**** Material supplied ****
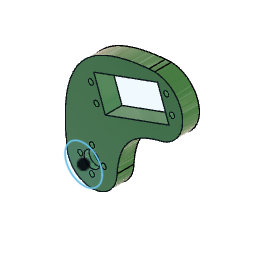
femur v8 (Autodesk Fusion 360 design; units mm, degrees)
Autodesk Fusion 360 part; units mm, degrees
sketch "Sketch1" plane through (0, 0, 0) normal (0, 1, 0) x (1, 0, 0)
  line L0 (0, 0) -> (2.9555, -2.5932)
  spline S0 degree 5 poles (-11.1601, -10.0226) (-9.6312, -16.6468) (-6.2668, -29.3346) (-0.3006, -46.6842) (9.5237, -66.3984) (23.0159, -82.4928) (35.3478, -91.2889) (44.9675, -95.6247) (50.7777, -97.5072) (52.2318, -97.9359) knots 0 0 0 0 0 0 0.1 0.2 0.3 0.4 0.43278 0.43278 0.43278 0.43278 0.43278 0.43278
  line L1 (42.168, -94.9684) -> (62.2956, -100.9035)
  spline S1 degree 5 poles (13.8295, 5.809) (15.3774, 1.0599) (18.5864, -8.2354) (23.7389, -21.57) (31.3341, -38.0483) (42.6284, -55.4164) (54.0114, -65.0989) (64.5325, -68.8015) (72.5693, -69.4349) (76.8436, -69.2924) knots 0 0 0 0 0 0 0.2 0.4 0.6 0.8 1 1 1 1 1 1
  line L2 (65.3591, -69.6752) -> (88.3282, -68.9096)
  arc A0 (14.5735, 3.5514) -> (-11.1601, -10.0226) centre (0, 0) ccw
  line L3 (2.9555, -2.5932) -> (9.43, -11.6651)
  spline S2 degree 2 poles (52.2318, -97.9359) (81.8647, -106.674) (76.8436, -69.2924) knots 0 0 0 4.388663 4.388663 4.388663 weights 1 0.651124 1
  dimension "d1" = 30
  constraint coincident L0.start A0.centre
  constraint midpoint S0.end L1
  constraint midpoint S1.end L2
  constraint coincident S1.start A0
  constraint coincident S1 A0.start
  measures "d1" diameter of A0
extrude "Extrude1" add sketch "Sketch1" along normal blind 10 contours S0 S1 A0 S2
sketch "Sketch2" plane through (0, 0, 0) normal (0, 1, 0) x (1, 0, 0)
  line L0 (67.9285, -91.4423) -> (29.3481, -80.8805)
  line L1 (139.5702, 10.2234) -> (139.4895, 0.2737)
  line L2 (29.3481, -80.8805) -> (34.8993, -82.4001)
  line L3 (29.3481, -80.8805) -> (34.6291, -61.5903)
  line L4 (67.9285, -91.4423) -> (73.2095, -72.1521)
  line L5 (34.6291, -61.5903) -> (73.2095, -72.1521)
  dimension "d7" = 20
  dimension "d8" = 20
  constraint coincident L0 L2.end
  constraint parallel L0 L2
  constraint perpendicular L0 L3
  constraint perpendicular L0 L4
  constraint perpendicular L4 L5
  measures "d7" distance of L0.end L3.end
  measures "d8" distance of L0.start L4.end
extrude "Extrude2" add 1 faces at (8.0926, 10, 6.7359) along direction (0, 1, 0) blind 10
extrude "Extrude3" cut sketch "Sketch2" along normal blind 33
sketch "Sketch3" plane through (0, 0, 0) normal (0, 1, 0) x (1, 0, 0)
  line L0 (29.3481, -80.8805) -> (34.6146, -61.6006)
  line L1 (34.6146, -61.6006) -> (31.9814, -71.2405)
  line L2 (31.9814, -71.2405) -> (33.2989, -66.4173)
  line L3 (33.2989, -66.4173) -> (29.4403, -65.3632)
  circle A0 centre (29.4403, -65.3632) radius 1.5
  line L4 (31.9814, -71.2405) -> (70.5126, -81.7658)
  line L5 (70.5126, -81.7658) -> (71.8302, -76.9425)
  line L6 (71.8302, -76.9425) -> (75.6888, -77.9965)
  circle A1 centre (75.6888, -77.9965) radius 0.9659
  circle A2 centre (26.8052, -75.0098) radius 1.5
  dimension "d13" = 5
  dimension "d14" = 4
  dimension "d15" = 3
  dimension "d16" = 5
  dimension "d17" = 4
  constraint midpoint L0 L1.end
  constraint parallel L1 L2
  constraint perpendicular L0 L3
  constraint coincident L3.end A0.centre
  constraint perpendicular L0 L4
  constraint perpendicular L4 L5
  constraint perpendicular L5 L6
  constraint coincident L6.end A1.centre
  constraint symmetric A0 L4 A2
  measures "d13" distance of L1.end L2.end
  measures "d14" distance of L2.end L3.end
  measures "d15" diameter of A0
  measures "d16" distance of L4.end L5.end
  measures "d17" distance of L5.end L6.end
extrude "Extrude4" cut sketch "Sketch3" along normal blind 30
sketch "Sketch4" plane through (0, 20, 0) normal (0, 1, 0) x (-1, 0, 0)
  circle A0 centre (-26.8052, 75.0098) radius 1.5
  circle A1 centre (-29.4403, 65.3632) radius 1.5
  circle A2 centre (-75.6888, 77.9965) radius 0.9659
  line L0 (-29.3481, 80.8805) -> (-34.6291, 61.5903)
  line L1 (-34.6291, 61.5903) -> (-73.2095, 72.1521)
  line L2 (-73.2095, 72.1521) -> (-67.9285, 91.4423)
  line L3 (-67.9285, 91.4423) -> (-29.3481, 80.8805)
  arc A3 (-13.8295, -5.809) -> (11.1601, 10.0226) centre (0, 0) ccw
  spline S0 degree 5 poles (11.1601, 10.0226) (9.6312, 16.6468) (6.2668, 29.3346) (0.3006, 46.6842) (-9.5237, 66.3984) (-23.0159, 82.4928) (-35.3478, 91.2889) (-44.9675, 95.6247) (-50.7777, 97.5072) (-52.2318, 97.9359) knots 0 0 0 0 0 0 0.1 0.2 0.3 0.4 0.43278 0.43278 0.43278 0.43278 0.43278 0.43278
  spline S1 degree 2 poles (-52.2318, 97.9359) (-81.8647, 106.674) (-76.8436, 69.2924) knots 0 0 0 4.388663 4.388663 4.388663 weights 1 0.651124 1
  spline S2 degree 5 poles (-76.8436, 69.2924) (-72.5693, 69.4349) (-64.5325, 68.8015) (-54.0114, 65.0989) (-42.6284, 55.4164) (-31.5498, 38.3799) (-24.1022, 22.3551) (-19.0799, 9.5054) (-15.9932, 0.7092) (-14.5735, -3.5514) knots -1 -1 -1 -1 -1 -1 -0.8 -0.6 -0.4 -0.2 -0.019093 -0.019093 -0.019093 -0.019093 -0.019093 -0.019093
  spline S3 degree 5 poles (-14.5735, -3.5514) (-14.4237, -4.0011) (-14.2744, -4.4517) (-14.1256, -4.9032) (-13.9773, -5.3557) (-13.8295, -5.809) knots -0.019093 -0.019093 -0.019093 -0.019093 -0.019093 -0.019093 0 0 0 0 0 0
  circle A4 centre (0, 0) radius 10
  line L4 (0, 0) -> (7, 0)
  circle A5 centre (7, 0) radius 1.5
  circle A6 centre (0, 0) radius 2.5
  line L5 (0, 0) -> (0, 0.4217)
  line L6 (0, 0.4217) -> (0, 7.4217)
  circle A7 centre (0, 7.4217) radius 1.5
  circle A8 centre (-7, 0) radius 1.5
  circle A9 centre (0, -7.4217) radius 1.5
  dimension "d20" = 20
  dimension "d21" = 7
  dimension "d22" = 3
  dimension "d23" = 5
  dimension "d24" = 7
  dimension "d25" = 3
  constraint coincident A3.centre A4.centre
  constraint horizontal L4
  constraint coincident L4.end A5.centre
  constraint concentric A4 A6
  constraint perpendicular L4 L5
  constraint perpendicular L4 L6
  constraint coincident L6.end A7.centre
  constraint symmetric A5 L6 A8
  constraint symmetric L4 A7 A9
  measures "d20" diameter of A4
  measures "d21" distance of A3.centre L4.end
  measures "d22" diameter of A5
  measures "d23" diameter of A6
  measures "d24" distance of L5.end L6.end
  measures "d25" diameter of A7
extrude "Extrude5" cut sketch "Sketch4" against normal blind 7 contours A4
extrude "Extrude6" cut 1 faces at (8.0926, 0, 6.7359) along direction (0, 1, 0) blind 5
extrude "Extrude7" cut 5 faces at (6.099, 20, -0.5633) (0.6109, 20, -0.5668) (-0.0399, 20, 6.9563) (-7.9271, 20, -0.1069) (0.4505, 20, -6.8921) along direction (0, -1, 0) blind 15
extrude "Extrude8" cut 1 faces at (-4.9871, 13, -4.8634) along direction (0, -1, 0) blind 3
extrude "Extrude9" cut 1 faces at (23.4358, 20, 55.2689) along direction (0, -1, 0) blind 4
extrude "Extrude10" cut 1 faces at (23.3929, 16, 55.1964) along direction (0, -1, 0) blind 1
sketch "Sketch5" plane through (0, 15, 0) normal (0, 1, 0) x (-1, 0, 0)
  arc A0 (-13.8295, -5.809) -> (11.1601, 10.0226) centre (0, 0) ccw
  spline S0 degree 3 poles (-52.2318, 97.9359) (-44.268, 95.5876) (-37.0019, 91.942) (-23.4784, 81.7603) (-17.6471, 75.3929) (-0.805, 51.4751) (6.5312, 30.0781) (11.1601, 10.0226) knots -11.238033 -11.238033 -11.238033 -11.238033 -8.756038 -8.756038 -6.174817 -6.174817 0 0 0 0
  spline S1 degree 3 poles (-76.8436, 69.2924) (-77.2101, 72.0203) (-77.3151, 74.7982) (-76.8873, 80.2968) (-76.3479, 83.0452) (-74.503, 88.1404) (-73.2252, 90.4991) (-70.0645, 94.2672) (-68.3319, 95.7211) (-64.3535, 97.8655) (-62.2013, 98.5089) (-57.3557, 98.9906) (-54.7434, 98.6766) (-52.2318, 97.9359) knots -4.592063 -4.592063 -4.592063 -4.592063 -3.76958 -3.76958 -2.942064 -2.942064 -2.145152 -2.145152 -1.464178 -1.464178 -0.785567 -0.785567 0 0 0 0
  spline S2 degree 3 poles (-14.5735, -3.5514) (-18.3835, 7.8829) (-25.8996, 28.5625) (-39.794, 50.1793) (-44.0341, 55.3762) (-52.3981, 62.5878) (-56.4294, 65.1248) (-66.0755, 68.7682) (-71.3814, 69.4745) (-76.8436, 69.2924) knots -9.601332 -9.601332 -9.601332 -9.601332 -4.951738 -4.951738 -3.089293 -3.089293 -1.639589 -1.639589 0 0 0 0
  spline S3 degree 3 poles (-13.8295, -5.809) (-13.9525, -5.4318) (-14.076, -5.0548) (-14.324, -4.3022) (-14.4485, -3.9267) (-14.5735, -3.5514) knots -0.237702 -0.237702 -0.237702 -0.237702 -0.118672 -0.118672 0 0 0 0
  line L0 (-29.3481, 80.8805) -> (-34.6291, 61.5903)
  line L1 (-34.6291, 61.5903) -> (-73.2095, 72.1521)
  line L2 (-73.2095, 72.1521) -> (-67.9285, 91.4423)
  line L3 (-67.9285, 91.4423) -> (-29.3481, 80.8805)
  circle A1 centre (-75.6888, 77.9965) radius 0.9659
  circle A2 centre (-29.4403, 65.3632) radius 1.5
  circle A3 centre (-26.8052, 75.0098) radius 1.5
  circle A4 centre (0, 0) radius 10
  spline S4 degree 5 poles (-52.2318, 97.9359) (-52.9415, 98.1339) (-54.3394, 98.5029) (-56.3713, 98.9755) (-58.9501, 99.4436) (-61.9532, 99.7528) (-64.7317, 99.7768) (-67.2811, 99.5017) (-69.5985, 98.9096) (-71.6835, 97.9783) (-73.5395, 96.6833) (-75.1706, 95.0082) (-76.5796, 92.9546) (-77.7664, 90.5514) (-78.7254, 87.8686) (-79.4461, 85.0121) (-79.9155, 82.1048) (-80.12, 79.2734) (-80.0476, 76.6329) (-79.6905, 74.271) (-79.0476, 72.235) (-78.3062, 70.8832) (-77.6239, 70.0268) (-77.113, 69.5256) (-76.8436, 69.2924) knots 0 0 0 0 0 0 0.05 0.1 0.15 0.2 0.25 0.3 0.35 0.4 0.45 0.5 0.55 0.6 0.65 0.7 0.75 0.8 0.85 0.9 0.95 1 1 1 1 1 1
  point P0 (-77, 92)
  point P1 (-69, 99)
  point P2 (-80, 77)
  constraint coincident S0.start S1.end
  constraint coincident S1.start S2.end
extrude "Extrude11" add sketch "Sketch5" against normal up to surface (10 mm away) contours S1 S4 picked at (-78.0117, 78.7262)
sketch "Sketch6" plane through (0, 15, 0) normal (0, 1, 0) x (-1, 0, 0)
  arc A0 (-13.8295, -5.809) -> (11.1601, 10.0226) centre (0, 0) ccw
  spline S0 degree 3 poles (-52.2318, 97.9359) (-44.268, 95.5876) (-37.0019, 91.942) (-23.4784, 81.7603) (-17.6471, 75.3929) (-0.805, 51.4751) (6.5312, 30.0781) (11.1601, 10.0226) knots -11.238033 -11.238033 -11.238033 -11.238033 -8.756038 -8.756038 -6.174817 -6.174817 0 0 0 0
  spline S1 degree 3 poles (-53.2502, 98.2112) (-52.9091, 98.1274) (-52.5695, 98.0355) (-52.2318, 97.9359) knots -0.105633 -0.105633 -0.105633 -0.105633 0 0 0 0
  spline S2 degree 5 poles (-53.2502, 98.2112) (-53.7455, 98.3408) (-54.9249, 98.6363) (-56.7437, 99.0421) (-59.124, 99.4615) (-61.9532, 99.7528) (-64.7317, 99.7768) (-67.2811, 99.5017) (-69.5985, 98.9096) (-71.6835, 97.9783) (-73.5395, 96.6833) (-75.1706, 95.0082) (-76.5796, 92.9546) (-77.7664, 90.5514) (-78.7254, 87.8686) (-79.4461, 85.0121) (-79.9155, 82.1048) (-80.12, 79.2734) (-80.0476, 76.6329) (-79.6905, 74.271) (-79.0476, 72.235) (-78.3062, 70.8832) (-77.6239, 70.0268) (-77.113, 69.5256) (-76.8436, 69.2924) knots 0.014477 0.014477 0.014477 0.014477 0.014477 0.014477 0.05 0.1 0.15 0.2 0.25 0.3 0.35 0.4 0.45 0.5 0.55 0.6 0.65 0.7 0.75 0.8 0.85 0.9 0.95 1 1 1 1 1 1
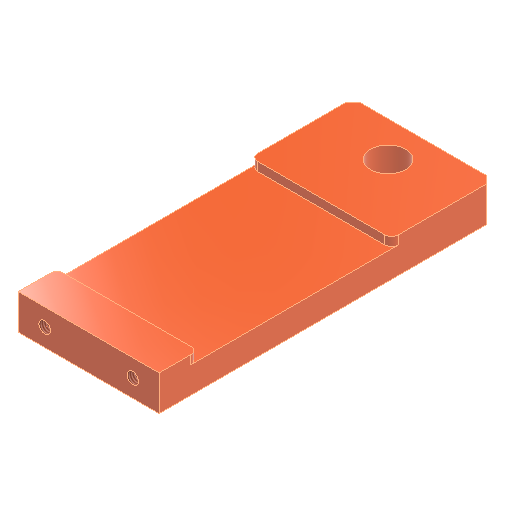
# Autodesk Inventor part: GRJ-03-114
Saved by Autodesk Inventor 2026.1 (Build 301233000, 233)
## iProperties
Company: Gree
Created: 2024-12-19
Part Number: GRJ-03-114
Material: Fenolite OR
Document SubType Name: Modeling
Designer: Willian Pinheiro
Density: 1.38 g/cm^3
Appearance: Suave - Laranja claro
Description: Coluna Eixo
Mass: 43.5581 g
Surface Area: 107.132 cm^2
Volume: 31.5638 cm^3
Project: GRJ-03
Checked By: Antonio Lucas
Engr Approved By: Antonio Lucas
Mfg Approved By: Anderson Oliveira
Dimensões: 10 x 40 x 95 mm
Total: 2
Author: Willian Pinheiro
Revision Number: 00
Title: Soldagem
Autodesk Inventor part; units mm, degrees
ref_plane "YZ Plane" through (0, 0, 0) normal (1, 0, 0) x (0, 1, 0)
ref_plane "XZ Plane" through (0, 0, 0) normal (0, 1, 0) x (-1, 0, 0)
ref_plane "XY Plane" through (0, 0, 0) normal (0, 0, 1) x (1, 0, 0)
sketch "Esboço1" plane through (0, 0, 0) normal (0, 0, 1) x (1, 0, 0)
  line L0 (-20, -47.5) -> (20, -47.5)
  line L1 (20, -47.5) -> (20, 47.5)
  line L2 (20, 47.5) -> (-20, 47.5)
  line L3 (-20, 47.5) -> (-20, -47.5)
  line L4 (-20, 47.5) -> (20, 47.5)
  circle A0 centre (0, 37.5) radius 5
  circle A1 centre (0, 37.5) radius 27.5862 construction
  circle A2 centre (0, 37.5) radius 74 construction
  line L5 (-20, 18.5) -> (20, 18.5)
  line L6 (-20, -36.5) -> (20, -36.5)
  line L7 (-103.6, 0) -> (103.6, 0) construction
  line L8 (0, -79.3) -> (0, 143.3) construction
  point P0 (0, 0)
  dimension "d0" = 95
  dimension "d1" = 40
  dimension "d41" = 10
  dimension "d42" = 85
  dimension "d43" = 55.1725
  dimension "d45" = 84
  dimension "d49" = 66
  constraints: 14 end point, 5 point on line, 3 centre point, 3 parallel, 2 coincident, 2 horizontal, 2 point on circle, 1 perpendicular, 1 tangent, 2 other
  measures "d0" distance between parallel lines of L0 L2
  measures "d1" distance of L2.end L1.end
  measures "d41" diameter of A0
  measures "d42" distance from line of L0 A0.centre
  measures "d43" diameter of A1
  measures "d49" distance between parallel lines of L0 L5
extrude "Extrusão1" add sketch "Esboço1" along normal mid plane 10 contours L3 L6 L1 L0 | L3 L5 L1 L6 | L3 L2 L1 L5 | A0
extrude "Extrusão4" cut sketch "Esboço1" against normal blind 2.5 from surface at 5 contours L3 L5 L1 L6
sketch "Esboço2" plane through (-20, -47.5, -5) normal (0, -1, 0) x (1, 0, 0)
  line L0 (40, 10) -> (40, 0)
  line L1 (40, 5) -> (0, 5) construction
  line L2 (0, 0) -> (0, 10)
  line L3 (0, 0) -> (0, 10) projected
  line L4 (40, 0) -> (40, 10) projected
  line L5 (0, 10) -> (40, 10) construction
  line L6 (20, 10) -> (20, 0) construction
  line L7 (40, 0) -> (0, 0) construction
  point P0 (20, 5)
  point P1 (7.5, 5)
  point P2 (32.5, 5)
  dimension "d9" = 7.5
  dimension "d10" = 7.5
  dimension "d37" = 25
  constraints: 8 end point, 4 midpoint, 2 point on line, 1 symmetric about line
  measures "d9" distance from line of L2 point (7.5, 5)
  measures "d10" distance from line of L0 point (32.5, 5)
  measures "d37" distance of point (32.5, 5) point (7.5, 5)
hole "Furo1" at (-12.5, -47.5, 0) at (12.5, -47.5, 0) direction (0, 1, 0) diameter 3.242 depth 15 tip angle 118 thread size "M4x0.7" class "6H" standard "ISO Metric profile"
sketch "Esboço3" plane through (0, 0, 5) normal (0, 0, 1) x (1, 0, 0)
  point P0 (0, 0)
  point P1 (0, 37.5)
  point P2 (0, 37.5)
hole "Furo2" at (0, 37.5, 5) direction (0, 0, -1) diameter 6 end through all counterbore diameter 10 counterbore depth 7
fillet "Arredondamento3" radius 2 4 edges at (-20, 18.5, 3.75) (20, 18.5, 3.75) (-20, -36.5, 3.75) (20, -36.5, 3.75)
chamfer "Chanfro2" distance 2 angle 45 2 edges at (-20, 47.5, 0) (20, 47.5, 0)
****
→ **Your instructions**:
State the number of lines in the listing that include the word "edges", without any other text.

→ **Worked solution**:
2